Nanette ya no pudo soportarlo más.
—Enfermera, le pido que se concentre, por favor. Nuestro señor Cortés es muy sensible al dolor.
Al escuchar esto, la enfermera enfocó toda su atención.
A medida que la sangre roja comenzaba a fluir hacia el tubo de ensayo, el corazón de Nanette se hundió un poco.
Aunque ni ella misma podía explicar el porqué de esa sensación.
Una vez que terminaron de extraerle la sangre, la enfermera le dio unas indicaciones en tono muy amable:
—No haga movimientos bruscos por el momento. Siéntese a descansar un rato y, si se siente mareado, tome un poco de leche o alguna bebida dulce.

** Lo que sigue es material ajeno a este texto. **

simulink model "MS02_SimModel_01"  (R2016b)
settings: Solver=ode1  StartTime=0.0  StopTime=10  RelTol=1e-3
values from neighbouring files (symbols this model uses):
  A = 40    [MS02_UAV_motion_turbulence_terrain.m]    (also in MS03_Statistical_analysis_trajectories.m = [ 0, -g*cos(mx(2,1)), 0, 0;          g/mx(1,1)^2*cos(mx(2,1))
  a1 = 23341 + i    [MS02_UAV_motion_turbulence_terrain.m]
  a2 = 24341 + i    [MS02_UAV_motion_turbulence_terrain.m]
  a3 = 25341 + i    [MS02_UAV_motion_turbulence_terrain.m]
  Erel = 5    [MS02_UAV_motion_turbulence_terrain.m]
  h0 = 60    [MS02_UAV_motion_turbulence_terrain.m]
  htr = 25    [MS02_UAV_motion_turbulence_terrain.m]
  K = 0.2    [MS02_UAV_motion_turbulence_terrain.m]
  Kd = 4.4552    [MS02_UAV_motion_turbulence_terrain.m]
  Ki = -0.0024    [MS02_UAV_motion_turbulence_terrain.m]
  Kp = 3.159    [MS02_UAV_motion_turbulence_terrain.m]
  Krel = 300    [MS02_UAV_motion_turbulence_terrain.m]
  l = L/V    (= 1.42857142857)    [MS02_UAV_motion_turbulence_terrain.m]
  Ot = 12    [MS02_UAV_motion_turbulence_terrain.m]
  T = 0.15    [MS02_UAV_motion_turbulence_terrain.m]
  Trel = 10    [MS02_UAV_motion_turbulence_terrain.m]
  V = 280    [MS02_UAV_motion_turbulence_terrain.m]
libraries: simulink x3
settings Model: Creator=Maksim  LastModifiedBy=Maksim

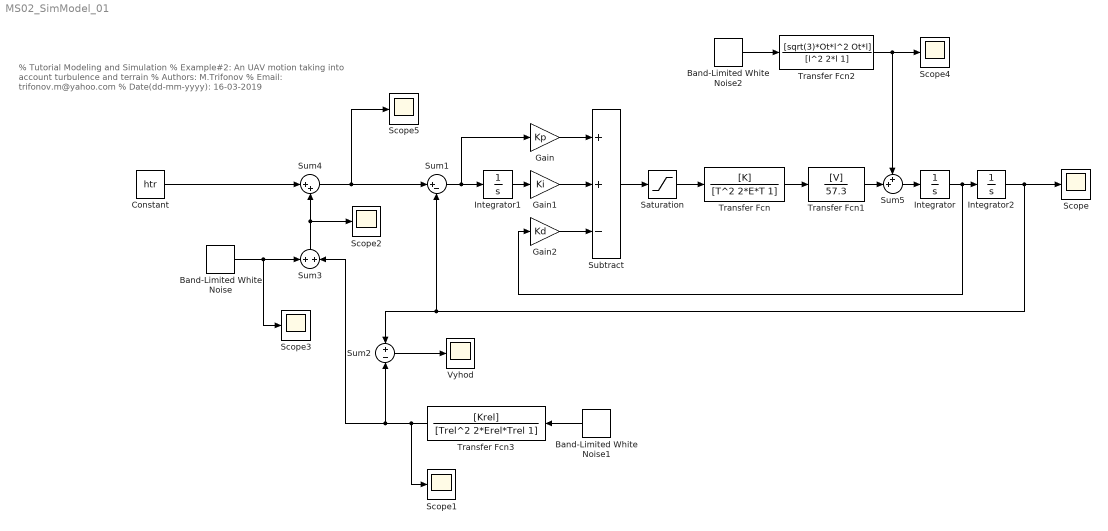
== system MS02_SimModel_01 ==
  note: % Tutorial Modeling and Simulation
      | % Example#2: An UAV motion taking into account turbulence and terrain
      | % Authors: M.Trifonov
      | % Email: trifonov.m@yahoo.com
      | % Date(dd-mm-yyyy): 16-03-2019
  Band-Limited White Noise : simulink/Sources/Band-Limited White Noise  Cov=[0.1]  Ts=0.1  seed=[a2]
  Band-Limited White Noise1 : simulink/Sources/Band-Limited White Noise  Cov=[0.1]  Ts=0.1  seed=[a3]
  Band-Limited White Noise2 : simulink/Sources/Band-Limited White Noise  Cov=[1]  Ts=0.1  seed=[a1]
  Constant : Constant  Value=htr
  Gain : Gain  Gain=Kp
  Gain1 : Gain  Gain=Ki
  Gain2 : Gain  Gain=Kd
  Integrator : Integrator
  Integrator1 : Integrator
  Integrator2 : Integrator  InitialCondition=h0
  Saturation : Saturate  UpperLimit=A  LowerLimit=-A
  Scope{,1..5} (6 alike) : Scope
  Subtract : Sum  Inputs=++-
  Sum1 : Sum  Inputs=|+-
  Sum2 : Sum  Inputs=+|-
  Sum3 : Sum  Inputs=+|+
  Sum4 : Sum  Inputs=|++
  Sum5 : Sum  Inputs=++|
  Transfer Fcn : TransferFcn  Numerator=[K]  Denominator=[T^2 2*E*T 1]
  Transfer Fcn1 : TransferFcn  Numerator=[V]  Denominator=[57.3]
  Transfer Fcn2 : TransferFcn  Numerator=[sqrt(3)*Ot*l^2 Ot*l]  Denominator=[l^2 2*l 1]
  Transfer Fcn3 : TransferFcn  Numerator=[Krel]  Denominator=[Trel^2 2*Erel*Trel 1]
  Vyhod : Scope
  wires:
  Gain/1 -> Subtract/1
  Gain1/1 -> Subtract/2
  Integrator1/1 -> Gain1/1
  Sum1/1 -> Gain/1, Integrator1/1
  Integrator2/1 -> Sum2/1, Sum1/2, Scope/1
  Integrator/1 -> Gain2/1, Integrator2/1
  Subtract/1 -> Saturation/1
  Transfer Fcn/1 -> Transfer Fcn1/1
  Transfer Fcn3/1 -> Scope1/1, Sum2/2, Sum3/2
  Constant/1 -> Sum4/1
  Sum3/1 -> Scope2/1, Sum4/2
  Sum4/1 -> Scope5/1, Sum1/1
  Band-Limited White Noise/1 -> Sum3/1, Scope3/1
  Band-Limited White Noise1/1 -> Transfer Fcn3/1
  Sum2/1 -> Vyhod/1
  Transfer Fcn1/1 -> Sum5/2
  Sum5/1 -> Integrator/1
  Band-Limited White Noise2/1 -> Transfer Fcn2/1
  Transfer Fcn2/1 -> Scope4/1, Sum5/1
  Gain2/1 -> Subtract/3
  Saturation/1 -> Transfer Fcn/1

Por eso, en cuanto ambos se sentaron en una de las bancas del pasillo, Nanette le preguntó:
—¿Te sientes mareado?
Noel esbozó una leve sonrisa.
—No soy tan frágil.
—Fue mucha sangre.
—Estoy bien.
Se quedaron en silencio por un momento.
—En realidad, no soy tan sensible al dolor —comentó Noel.
Nanette se echó a reír.
—Si no le decía eso, la enfermera te iba a clavar mal la aguja otra vez.
Noel se reclinó en la silla y cerró los ojos.
Nanette se mordió el labio, dudando si hablar o no.
Esos ojos inyectados de sangre... ¿Sería porque no durmió bien anoche?
De pronto, Noel abrió los ojos.
Nanette, incapaz de apartar la mirada a tiempo, se sonrojó.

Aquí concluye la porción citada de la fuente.